*** Begin section ***

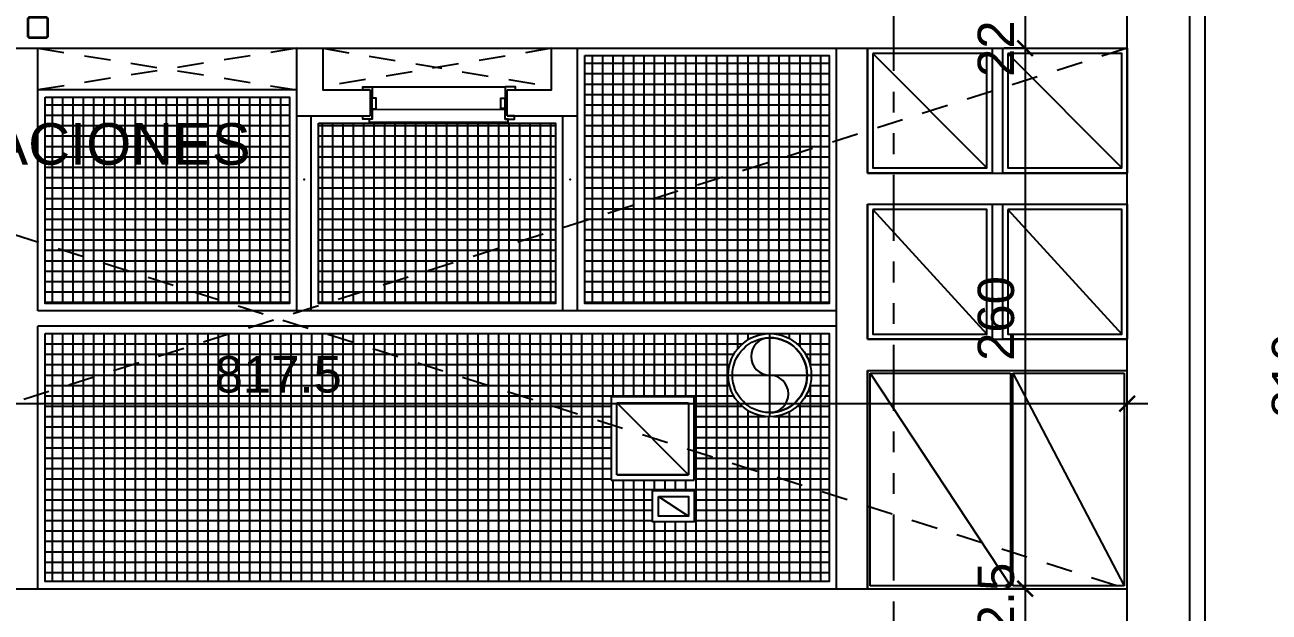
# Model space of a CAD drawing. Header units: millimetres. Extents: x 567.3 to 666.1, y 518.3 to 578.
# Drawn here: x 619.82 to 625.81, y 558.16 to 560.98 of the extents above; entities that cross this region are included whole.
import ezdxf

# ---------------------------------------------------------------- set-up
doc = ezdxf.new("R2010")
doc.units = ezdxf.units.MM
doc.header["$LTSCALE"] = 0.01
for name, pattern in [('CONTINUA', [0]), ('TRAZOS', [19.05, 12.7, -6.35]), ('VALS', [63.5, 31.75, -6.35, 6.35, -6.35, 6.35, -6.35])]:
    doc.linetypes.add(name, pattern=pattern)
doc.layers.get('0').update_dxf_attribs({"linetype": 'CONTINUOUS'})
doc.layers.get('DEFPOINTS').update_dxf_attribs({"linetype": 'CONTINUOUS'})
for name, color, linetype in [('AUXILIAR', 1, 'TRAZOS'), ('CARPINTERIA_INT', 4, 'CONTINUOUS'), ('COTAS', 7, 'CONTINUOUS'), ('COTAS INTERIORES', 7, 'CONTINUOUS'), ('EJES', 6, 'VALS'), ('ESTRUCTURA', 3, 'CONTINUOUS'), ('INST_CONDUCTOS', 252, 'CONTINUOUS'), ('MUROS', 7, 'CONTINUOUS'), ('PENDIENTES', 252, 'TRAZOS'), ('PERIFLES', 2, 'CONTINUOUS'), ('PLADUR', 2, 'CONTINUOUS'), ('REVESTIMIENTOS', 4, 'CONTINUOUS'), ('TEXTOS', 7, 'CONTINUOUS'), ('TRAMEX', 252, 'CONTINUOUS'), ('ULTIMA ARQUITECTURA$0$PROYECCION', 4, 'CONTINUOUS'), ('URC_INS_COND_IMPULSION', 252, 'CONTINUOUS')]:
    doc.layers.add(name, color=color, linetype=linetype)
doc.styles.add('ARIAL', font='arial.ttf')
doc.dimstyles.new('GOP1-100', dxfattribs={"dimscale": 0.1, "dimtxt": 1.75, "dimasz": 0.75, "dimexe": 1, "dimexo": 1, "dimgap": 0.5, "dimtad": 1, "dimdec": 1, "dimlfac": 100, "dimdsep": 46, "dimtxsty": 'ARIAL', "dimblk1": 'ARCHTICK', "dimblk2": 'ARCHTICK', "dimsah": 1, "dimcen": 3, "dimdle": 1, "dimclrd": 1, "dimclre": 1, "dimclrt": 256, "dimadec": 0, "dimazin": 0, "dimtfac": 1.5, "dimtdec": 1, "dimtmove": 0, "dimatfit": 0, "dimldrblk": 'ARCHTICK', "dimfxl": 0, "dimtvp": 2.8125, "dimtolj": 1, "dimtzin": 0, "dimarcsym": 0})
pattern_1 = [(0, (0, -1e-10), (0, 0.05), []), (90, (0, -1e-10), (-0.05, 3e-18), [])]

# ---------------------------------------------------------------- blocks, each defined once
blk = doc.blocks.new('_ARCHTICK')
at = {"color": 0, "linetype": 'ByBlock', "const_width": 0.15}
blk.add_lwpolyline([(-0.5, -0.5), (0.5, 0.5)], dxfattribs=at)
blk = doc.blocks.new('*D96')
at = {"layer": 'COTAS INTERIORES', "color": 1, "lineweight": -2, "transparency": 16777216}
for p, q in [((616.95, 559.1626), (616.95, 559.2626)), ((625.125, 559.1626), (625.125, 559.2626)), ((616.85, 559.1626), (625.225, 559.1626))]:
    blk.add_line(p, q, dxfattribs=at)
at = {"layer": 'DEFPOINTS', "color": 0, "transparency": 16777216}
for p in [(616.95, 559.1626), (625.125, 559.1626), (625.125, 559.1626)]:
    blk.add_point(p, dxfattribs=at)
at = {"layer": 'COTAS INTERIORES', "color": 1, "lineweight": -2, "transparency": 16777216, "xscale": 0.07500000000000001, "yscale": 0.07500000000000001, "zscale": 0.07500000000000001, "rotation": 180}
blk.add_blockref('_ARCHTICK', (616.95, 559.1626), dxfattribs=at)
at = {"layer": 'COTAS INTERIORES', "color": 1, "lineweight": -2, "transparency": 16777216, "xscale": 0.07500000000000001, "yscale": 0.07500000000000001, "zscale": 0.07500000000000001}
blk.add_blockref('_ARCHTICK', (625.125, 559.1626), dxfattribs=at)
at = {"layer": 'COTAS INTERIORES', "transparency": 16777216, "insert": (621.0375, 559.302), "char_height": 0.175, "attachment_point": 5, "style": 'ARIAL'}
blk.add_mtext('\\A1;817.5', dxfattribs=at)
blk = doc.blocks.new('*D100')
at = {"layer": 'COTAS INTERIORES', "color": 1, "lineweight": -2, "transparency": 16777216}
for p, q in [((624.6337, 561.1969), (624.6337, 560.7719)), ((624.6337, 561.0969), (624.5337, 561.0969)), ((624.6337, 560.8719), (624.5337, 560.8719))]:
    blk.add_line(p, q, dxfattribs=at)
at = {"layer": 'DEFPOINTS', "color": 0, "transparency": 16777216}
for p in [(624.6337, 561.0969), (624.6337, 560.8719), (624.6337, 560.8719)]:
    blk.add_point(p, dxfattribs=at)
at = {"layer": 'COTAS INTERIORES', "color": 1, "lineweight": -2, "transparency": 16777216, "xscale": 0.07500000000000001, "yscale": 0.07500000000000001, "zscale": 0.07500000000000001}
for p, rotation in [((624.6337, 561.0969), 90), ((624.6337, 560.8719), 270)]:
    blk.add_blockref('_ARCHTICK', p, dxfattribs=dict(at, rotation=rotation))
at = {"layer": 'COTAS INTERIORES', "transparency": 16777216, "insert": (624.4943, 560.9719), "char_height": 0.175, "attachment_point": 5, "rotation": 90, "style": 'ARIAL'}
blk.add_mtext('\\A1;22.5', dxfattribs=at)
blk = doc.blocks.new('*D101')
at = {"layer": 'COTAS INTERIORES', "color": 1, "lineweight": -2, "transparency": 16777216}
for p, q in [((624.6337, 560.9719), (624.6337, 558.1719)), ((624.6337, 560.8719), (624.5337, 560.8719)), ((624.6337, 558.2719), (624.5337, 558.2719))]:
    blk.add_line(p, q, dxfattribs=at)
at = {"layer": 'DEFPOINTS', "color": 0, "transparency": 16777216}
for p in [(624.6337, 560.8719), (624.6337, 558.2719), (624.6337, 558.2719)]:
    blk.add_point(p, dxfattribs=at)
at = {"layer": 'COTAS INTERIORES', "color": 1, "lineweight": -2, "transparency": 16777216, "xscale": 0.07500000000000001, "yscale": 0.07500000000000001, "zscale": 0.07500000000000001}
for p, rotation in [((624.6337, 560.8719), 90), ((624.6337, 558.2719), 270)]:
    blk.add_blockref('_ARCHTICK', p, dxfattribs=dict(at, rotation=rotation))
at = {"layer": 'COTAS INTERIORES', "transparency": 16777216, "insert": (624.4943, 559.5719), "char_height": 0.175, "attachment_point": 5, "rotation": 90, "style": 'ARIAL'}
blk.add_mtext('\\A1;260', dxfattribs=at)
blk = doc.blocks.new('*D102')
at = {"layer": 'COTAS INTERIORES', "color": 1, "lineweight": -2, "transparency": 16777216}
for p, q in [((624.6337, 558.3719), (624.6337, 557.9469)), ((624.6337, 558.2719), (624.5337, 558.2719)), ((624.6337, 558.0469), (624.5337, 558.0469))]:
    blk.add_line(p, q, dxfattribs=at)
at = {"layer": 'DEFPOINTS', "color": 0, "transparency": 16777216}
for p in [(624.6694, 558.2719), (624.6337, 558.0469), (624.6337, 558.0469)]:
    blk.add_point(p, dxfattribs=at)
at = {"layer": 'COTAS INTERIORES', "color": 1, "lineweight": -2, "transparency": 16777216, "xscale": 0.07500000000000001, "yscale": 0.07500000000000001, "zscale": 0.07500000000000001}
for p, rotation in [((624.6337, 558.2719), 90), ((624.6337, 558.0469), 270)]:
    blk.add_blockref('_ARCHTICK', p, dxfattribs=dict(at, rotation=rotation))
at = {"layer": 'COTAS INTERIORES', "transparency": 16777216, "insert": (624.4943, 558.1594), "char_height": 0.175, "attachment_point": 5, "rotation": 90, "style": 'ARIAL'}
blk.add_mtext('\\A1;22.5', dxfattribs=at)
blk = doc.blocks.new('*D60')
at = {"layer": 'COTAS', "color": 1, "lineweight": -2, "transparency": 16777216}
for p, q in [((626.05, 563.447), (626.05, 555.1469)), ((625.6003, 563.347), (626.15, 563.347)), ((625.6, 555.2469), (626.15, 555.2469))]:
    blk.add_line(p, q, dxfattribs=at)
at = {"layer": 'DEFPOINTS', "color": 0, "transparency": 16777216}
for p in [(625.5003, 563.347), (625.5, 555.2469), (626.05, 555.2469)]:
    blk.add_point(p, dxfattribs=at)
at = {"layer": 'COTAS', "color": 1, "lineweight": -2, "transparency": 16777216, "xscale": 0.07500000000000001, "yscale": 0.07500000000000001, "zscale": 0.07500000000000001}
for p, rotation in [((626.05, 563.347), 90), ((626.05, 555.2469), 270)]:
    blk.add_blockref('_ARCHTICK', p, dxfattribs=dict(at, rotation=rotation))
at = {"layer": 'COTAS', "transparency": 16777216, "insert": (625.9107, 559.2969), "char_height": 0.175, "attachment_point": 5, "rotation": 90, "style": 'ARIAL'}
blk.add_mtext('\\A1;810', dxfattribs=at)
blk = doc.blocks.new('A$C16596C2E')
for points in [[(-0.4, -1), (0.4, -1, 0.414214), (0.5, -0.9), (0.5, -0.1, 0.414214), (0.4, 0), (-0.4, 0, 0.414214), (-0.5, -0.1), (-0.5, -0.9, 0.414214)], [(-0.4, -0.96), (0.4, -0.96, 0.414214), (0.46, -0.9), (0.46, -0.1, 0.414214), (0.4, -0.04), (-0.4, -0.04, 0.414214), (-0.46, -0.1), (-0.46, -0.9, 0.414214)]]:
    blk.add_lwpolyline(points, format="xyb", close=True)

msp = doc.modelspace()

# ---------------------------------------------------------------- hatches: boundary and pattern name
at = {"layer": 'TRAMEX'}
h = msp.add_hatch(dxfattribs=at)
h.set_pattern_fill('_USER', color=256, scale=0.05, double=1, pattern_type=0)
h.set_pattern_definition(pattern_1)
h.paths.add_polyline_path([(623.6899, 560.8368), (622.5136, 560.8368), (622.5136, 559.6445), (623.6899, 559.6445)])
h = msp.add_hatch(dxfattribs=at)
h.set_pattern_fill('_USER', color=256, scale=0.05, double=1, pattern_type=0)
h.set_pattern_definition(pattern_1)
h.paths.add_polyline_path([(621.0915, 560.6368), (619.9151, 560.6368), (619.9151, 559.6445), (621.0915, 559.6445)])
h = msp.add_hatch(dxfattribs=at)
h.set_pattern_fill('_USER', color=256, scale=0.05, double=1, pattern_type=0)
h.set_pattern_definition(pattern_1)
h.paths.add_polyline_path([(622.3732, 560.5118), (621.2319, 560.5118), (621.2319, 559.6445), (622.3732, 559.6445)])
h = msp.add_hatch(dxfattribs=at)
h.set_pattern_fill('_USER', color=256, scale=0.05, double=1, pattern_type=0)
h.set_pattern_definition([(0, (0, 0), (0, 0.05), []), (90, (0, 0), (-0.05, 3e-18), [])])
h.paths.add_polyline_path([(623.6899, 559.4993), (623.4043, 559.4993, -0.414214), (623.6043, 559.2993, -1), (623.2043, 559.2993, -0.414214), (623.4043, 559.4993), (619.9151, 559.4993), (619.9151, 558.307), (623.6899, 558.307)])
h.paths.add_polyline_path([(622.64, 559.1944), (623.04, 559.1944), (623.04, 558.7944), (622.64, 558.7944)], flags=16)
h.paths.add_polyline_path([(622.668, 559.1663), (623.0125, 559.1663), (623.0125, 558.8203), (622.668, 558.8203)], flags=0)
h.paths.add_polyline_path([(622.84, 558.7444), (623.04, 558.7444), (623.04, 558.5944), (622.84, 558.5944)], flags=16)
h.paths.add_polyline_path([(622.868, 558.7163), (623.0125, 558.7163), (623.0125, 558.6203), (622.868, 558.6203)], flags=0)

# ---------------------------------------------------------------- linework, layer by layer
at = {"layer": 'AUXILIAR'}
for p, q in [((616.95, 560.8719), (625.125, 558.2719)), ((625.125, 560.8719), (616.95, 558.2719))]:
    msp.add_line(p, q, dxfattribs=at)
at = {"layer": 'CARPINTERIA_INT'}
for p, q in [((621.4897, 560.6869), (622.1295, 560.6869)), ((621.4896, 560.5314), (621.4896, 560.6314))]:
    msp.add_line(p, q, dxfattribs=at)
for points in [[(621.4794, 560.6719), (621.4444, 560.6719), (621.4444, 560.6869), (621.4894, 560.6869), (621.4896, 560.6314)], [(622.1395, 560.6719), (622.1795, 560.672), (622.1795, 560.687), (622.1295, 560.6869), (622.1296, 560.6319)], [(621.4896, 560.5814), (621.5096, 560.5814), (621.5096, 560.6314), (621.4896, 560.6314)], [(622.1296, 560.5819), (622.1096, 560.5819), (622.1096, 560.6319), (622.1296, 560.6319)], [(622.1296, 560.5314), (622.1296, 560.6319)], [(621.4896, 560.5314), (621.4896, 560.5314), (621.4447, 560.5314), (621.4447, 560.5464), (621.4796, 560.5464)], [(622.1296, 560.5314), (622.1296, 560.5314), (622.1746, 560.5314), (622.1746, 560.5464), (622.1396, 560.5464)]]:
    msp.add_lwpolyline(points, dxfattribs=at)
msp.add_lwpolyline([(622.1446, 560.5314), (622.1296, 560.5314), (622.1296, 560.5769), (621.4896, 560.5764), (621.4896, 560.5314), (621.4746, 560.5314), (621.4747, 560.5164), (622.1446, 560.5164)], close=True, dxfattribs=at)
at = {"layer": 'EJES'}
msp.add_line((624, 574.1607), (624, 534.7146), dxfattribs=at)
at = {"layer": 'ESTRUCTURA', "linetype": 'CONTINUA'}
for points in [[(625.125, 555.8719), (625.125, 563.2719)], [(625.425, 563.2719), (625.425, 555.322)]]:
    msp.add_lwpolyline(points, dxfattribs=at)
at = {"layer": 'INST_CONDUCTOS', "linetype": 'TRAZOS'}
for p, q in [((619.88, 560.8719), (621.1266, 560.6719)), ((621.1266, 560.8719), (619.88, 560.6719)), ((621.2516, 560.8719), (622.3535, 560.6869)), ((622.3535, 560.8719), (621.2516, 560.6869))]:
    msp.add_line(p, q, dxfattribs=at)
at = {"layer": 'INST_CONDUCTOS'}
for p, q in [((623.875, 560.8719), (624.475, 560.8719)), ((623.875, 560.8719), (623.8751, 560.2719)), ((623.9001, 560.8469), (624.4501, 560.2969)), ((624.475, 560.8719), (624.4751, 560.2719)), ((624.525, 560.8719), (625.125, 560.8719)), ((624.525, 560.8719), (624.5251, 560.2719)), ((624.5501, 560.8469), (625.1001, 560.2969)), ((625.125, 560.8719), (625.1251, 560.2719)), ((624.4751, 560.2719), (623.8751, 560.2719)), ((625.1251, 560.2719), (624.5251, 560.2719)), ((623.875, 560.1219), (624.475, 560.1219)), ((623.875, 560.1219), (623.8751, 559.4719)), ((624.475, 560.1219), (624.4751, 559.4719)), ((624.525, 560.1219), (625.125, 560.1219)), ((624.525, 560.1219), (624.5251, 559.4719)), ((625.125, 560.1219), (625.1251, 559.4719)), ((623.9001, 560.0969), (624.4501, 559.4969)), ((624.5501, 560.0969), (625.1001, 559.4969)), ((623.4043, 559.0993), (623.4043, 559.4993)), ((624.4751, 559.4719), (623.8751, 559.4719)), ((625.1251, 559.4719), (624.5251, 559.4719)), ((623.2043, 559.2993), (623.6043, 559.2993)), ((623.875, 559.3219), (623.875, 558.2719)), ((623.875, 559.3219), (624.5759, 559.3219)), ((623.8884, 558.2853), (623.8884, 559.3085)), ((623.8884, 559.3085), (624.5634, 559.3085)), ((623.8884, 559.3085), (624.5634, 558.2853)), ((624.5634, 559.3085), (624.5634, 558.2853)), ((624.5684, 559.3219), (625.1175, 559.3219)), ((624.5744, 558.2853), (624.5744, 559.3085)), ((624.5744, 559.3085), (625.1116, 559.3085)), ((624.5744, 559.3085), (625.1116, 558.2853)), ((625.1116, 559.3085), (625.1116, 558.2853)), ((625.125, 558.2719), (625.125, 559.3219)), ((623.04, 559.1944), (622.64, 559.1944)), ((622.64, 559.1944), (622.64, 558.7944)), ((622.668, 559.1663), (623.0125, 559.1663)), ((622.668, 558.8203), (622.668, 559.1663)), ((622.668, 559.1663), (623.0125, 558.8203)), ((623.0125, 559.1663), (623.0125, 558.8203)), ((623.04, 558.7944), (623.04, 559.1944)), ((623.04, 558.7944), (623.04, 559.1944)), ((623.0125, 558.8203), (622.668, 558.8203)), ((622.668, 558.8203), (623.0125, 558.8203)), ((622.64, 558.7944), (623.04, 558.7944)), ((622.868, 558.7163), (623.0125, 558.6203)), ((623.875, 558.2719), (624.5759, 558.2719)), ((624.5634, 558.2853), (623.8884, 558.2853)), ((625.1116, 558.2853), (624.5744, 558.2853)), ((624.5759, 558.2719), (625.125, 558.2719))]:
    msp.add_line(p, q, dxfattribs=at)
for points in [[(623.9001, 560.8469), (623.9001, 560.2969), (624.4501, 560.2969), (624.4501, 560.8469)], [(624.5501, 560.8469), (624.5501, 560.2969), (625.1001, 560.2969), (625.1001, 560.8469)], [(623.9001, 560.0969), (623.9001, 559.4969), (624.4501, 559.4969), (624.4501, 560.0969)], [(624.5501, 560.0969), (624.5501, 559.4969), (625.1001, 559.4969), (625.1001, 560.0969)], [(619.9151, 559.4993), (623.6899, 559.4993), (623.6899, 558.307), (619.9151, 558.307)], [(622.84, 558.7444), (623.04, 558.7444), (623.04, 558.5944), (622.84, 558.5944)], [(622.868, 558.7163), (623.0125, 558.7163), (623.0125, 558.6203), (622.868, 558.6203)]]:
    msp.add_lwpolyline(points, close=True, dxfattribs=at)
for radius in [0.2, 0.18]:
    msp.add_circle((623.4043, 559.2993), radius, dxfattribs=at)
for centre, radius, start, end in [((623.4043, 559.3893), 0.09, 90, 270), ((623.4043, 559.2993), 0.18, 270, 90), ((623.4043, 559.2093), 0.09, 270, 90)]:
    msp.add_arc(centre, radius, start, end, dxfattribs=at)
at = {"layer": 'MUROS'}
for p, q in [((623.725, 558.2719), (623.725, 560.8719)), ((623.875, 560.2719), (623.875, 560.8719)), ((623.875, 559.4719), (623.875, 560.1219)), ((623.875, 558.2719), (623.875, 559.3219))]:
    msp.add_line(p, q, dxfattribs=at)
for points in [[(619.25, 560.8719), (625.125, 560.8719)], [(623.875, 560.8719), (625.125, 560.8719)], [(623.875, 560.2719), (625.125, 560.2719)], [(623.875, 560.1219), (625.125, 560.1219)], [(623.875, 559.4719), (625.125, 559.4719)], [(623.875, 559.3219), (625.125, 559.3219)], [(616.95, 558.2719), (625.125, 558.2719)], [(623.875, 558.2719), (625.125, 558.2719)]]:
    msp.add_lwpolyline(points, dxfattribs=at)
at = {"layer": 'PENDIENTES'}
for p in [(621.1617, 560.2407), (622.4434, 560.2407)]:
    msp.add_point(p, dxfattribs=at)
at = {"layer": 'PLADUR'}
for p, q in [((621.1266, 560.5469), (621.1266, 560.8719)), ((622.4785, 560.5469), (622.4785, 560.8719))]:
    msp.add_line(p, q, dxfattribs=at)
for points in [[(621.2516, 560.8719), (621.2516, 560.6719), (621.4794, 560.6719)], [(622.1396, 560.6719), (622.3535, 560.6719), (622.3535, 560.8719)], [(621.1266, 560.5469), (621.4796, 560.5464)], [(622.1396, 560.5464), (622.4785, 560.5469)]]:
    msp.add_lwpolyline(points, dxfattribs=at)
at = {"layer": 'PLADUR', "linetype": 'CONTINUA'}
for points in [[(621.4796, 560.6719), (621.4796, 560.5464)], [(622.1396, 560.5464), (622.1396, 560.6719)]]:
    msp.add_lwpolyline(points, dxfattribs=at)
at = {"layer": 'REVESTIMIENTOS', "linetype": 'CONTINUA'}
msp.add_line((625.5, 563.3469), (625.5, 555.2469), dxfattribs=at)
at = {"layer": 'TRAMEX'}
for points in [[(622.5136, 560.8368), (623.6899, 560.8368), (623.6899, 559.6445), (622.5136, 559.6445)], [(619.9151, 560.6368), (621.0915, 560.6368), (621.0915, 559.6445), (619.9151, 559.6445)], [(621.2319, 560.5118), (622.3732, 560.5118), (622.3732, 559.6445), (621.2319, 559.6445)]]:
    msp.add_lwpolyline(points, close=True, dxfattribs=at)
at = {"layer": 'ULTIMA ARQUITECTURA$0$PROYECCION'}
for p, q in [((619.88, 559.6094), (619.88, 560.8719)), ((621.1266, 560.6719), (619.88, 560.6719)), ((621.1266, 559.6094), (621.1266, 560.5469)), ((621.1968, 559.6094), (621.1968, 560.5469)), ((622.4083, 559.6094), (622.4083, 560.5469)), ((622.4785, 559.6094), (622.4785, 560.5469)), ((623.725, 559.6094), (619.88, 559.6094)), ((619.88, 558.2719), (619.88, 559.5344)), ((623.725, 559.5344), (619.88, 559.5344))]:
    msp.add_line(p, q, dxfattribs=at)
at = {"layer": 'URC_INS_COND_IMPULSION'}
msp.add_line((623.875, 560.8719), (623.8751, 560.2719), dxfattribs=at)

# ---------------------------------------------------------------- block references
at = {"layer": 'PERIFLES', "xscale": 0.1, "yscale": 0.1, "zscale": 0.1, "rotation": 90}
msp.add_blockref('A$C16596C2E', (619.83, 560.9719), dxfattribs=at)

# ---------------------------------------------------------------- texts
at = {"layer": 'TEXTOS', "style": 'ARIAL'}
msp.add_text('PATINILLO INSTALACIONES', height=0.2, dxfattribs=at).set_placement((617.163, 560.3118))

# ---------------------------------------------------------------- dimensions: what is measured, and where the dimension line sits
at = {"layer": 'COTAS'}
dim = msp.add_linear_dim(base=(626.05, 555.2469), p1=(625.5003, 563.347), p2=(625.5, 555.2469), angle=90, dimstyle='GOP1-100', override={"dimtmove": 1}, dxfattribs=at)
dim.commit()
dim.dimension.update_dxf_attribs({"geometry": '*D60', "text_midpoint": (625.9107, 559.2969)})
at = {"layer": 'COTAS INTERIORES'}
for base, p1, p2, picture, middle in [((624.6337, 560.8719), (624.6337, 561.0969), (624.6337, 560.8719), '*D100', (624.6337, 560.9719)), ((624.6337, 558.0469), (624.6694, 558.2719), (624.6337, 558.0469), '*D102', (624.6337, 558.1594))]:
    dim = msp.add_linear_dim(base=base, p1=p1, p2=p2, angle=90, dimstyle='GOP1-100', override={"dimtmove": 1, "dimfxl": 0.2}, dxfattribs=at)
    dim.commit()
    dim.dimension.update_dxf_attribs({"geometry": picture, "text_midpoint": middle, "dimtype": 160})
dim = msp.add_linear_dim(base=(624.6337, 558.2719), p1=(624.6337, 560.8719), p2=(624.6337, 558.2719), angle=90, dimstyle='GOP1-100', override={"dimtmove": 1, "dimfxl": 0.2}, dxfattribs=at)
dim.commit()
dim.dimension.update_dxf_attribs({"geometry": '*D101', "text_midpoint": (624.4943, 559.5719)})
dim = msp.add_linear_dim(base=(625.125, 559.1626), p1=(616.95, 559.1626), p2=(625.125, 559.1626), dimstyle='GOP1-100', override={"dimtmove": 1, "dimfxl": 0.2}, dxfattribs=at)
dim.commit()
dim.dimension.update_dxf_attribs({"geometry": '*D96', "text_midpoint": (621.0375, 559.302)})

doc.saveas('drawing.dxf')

*** End section ***

**What to produce:** Gather each line from the entries above that includes the word "TEXTOS".

**Result of this exercise:**
for name, color, linetype in [('AUXILIAR', 1, 'TRAZOS'), ('CARPINTERIA_INT', 4, 'CONTINUOUS'), ('COTAS', 7, 'CONTINUOUS'), ('COTAS INTERIORES', 7, 'CONTINUOUS'), ('EJES', 6, 'VALS'), ('ESTRUCTURA', 3, 'CONTINUOUS'), ('INST_CONDUCTOS', 252, 'CONTINUOUS'), ('MUROS', 7, 'CONTINUOUS'), ('PENDIENTES', 252, 'TRAZOS'), ('PERIFLES', 2, 'CONTINUOUS'), ('PLADUR', 2, 'CONTINUOUS'), ('REVESTIMIENTOS', 4, 'CONTINUOUS'), ('TEXTOS', 7, 'CONTINUOUS'), ('TRAMEX', 252, 'CONTINUOUS'), ('ULTIMA ARQUITECTURA$0$PROYECCION', 4, 'CONTINUOUS'), ('URC_INS_COND_IMPULSION', 252, 'CONTINUOUS')]:
at = {"layer": 'TEXTOS', "style": 'ARIAL'}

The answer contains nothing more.